Cherry pushed him away and began to sob again. “Why do you kiss me?” she cried. “You don’t care for anybody but your beautiful lady. If you want to kiss anybody, go kiss her.”

When her master heard that, his face changed, and he looked at her so angrily that Cherry was frightened. “So you have been prying!” he cried, “and Aunt Prudence was right when she warned me not to trust you. Now that you have seen what you have seen, you can stay here no longer.”

“Oh, do not send me away,” Cherry begged of him. “Let me stay and I promise that I will never disobey you again.”

“I am sorry, Cherry,” her master answered, and he no longer looked angry, “but after this, they would not let me keep you.” With that he raised his hand and gave her a sharp box on the ears, and she lost all consciousness.

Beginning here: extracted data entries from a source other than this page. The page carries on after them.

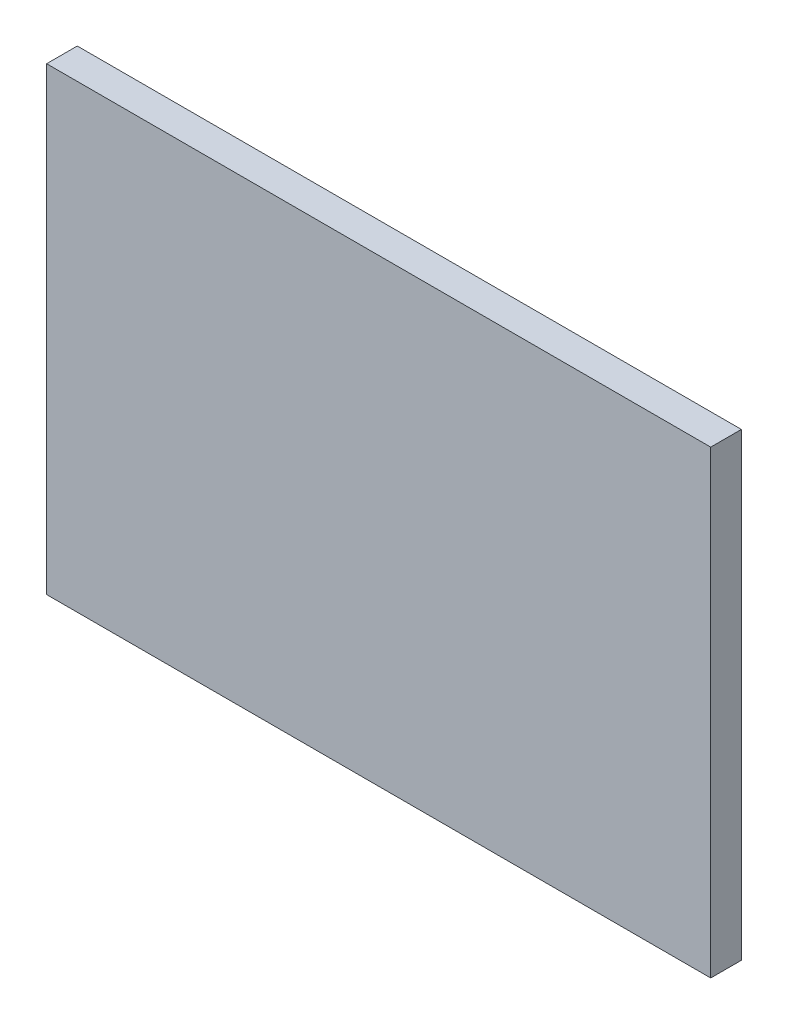
SolidWorks part; units mm, degrees
ref_plane "前视基准面" through (0, 0, 0) normal (0, 0, 1) x (1, 0, 0)
ref_plane "上视基准面" through (0, 0, 0) normal (0, 1, 0) x (1, 0, 0)
ref_plane "右视基准面" through (0, 0, 0) normal (1, 0, 0) x (0, 0, -1)
sketch "草图1" plane through (0, 0, 0) normal (0, 1, 0) x (1, 0, 0)
  line L1 (-58.2415, 28.3212) -> (6.7585, 28.3212)
  line L2 (-58.2415, 28.3212) -> (-58.2415, 31.3212)
  line L3 (-58.2415, 31.3212) -> (6.7585, 31.3212)
  line L4 (6.7585, 28.3212) -> (6.7585, 31.3212)
  dimension "D1" = 65
  dimension "D2" = 3
extrude "凸台-拉伸1" add sketch "草图1" along normal blind 45

When she came to herself she was sitting on the doorstep of her own home and her mother was shaking her by the shoulder and calling her.

Cherry started up and looked about her. “Where—where is he?” she cried. “How did I come here, and what has become of my master?”

Her mother did not know what she was talking about, and when after a little, Cherry began and told her all her story, she thought the child was dreaming or had lost her wits. But when later on she found that the girl’s pockets were full of fairy gold, enough to make them rich for years, she was obliged to believe that the story was true, wonderful as it was.

But for a long time after she came home, Cherry used to trudge away to the lonely heath every now and then, and sit there hoping her master would come for her. But he never did, and never again did she find a place where the wages were in gold and paid as freely as they had been in fairyland.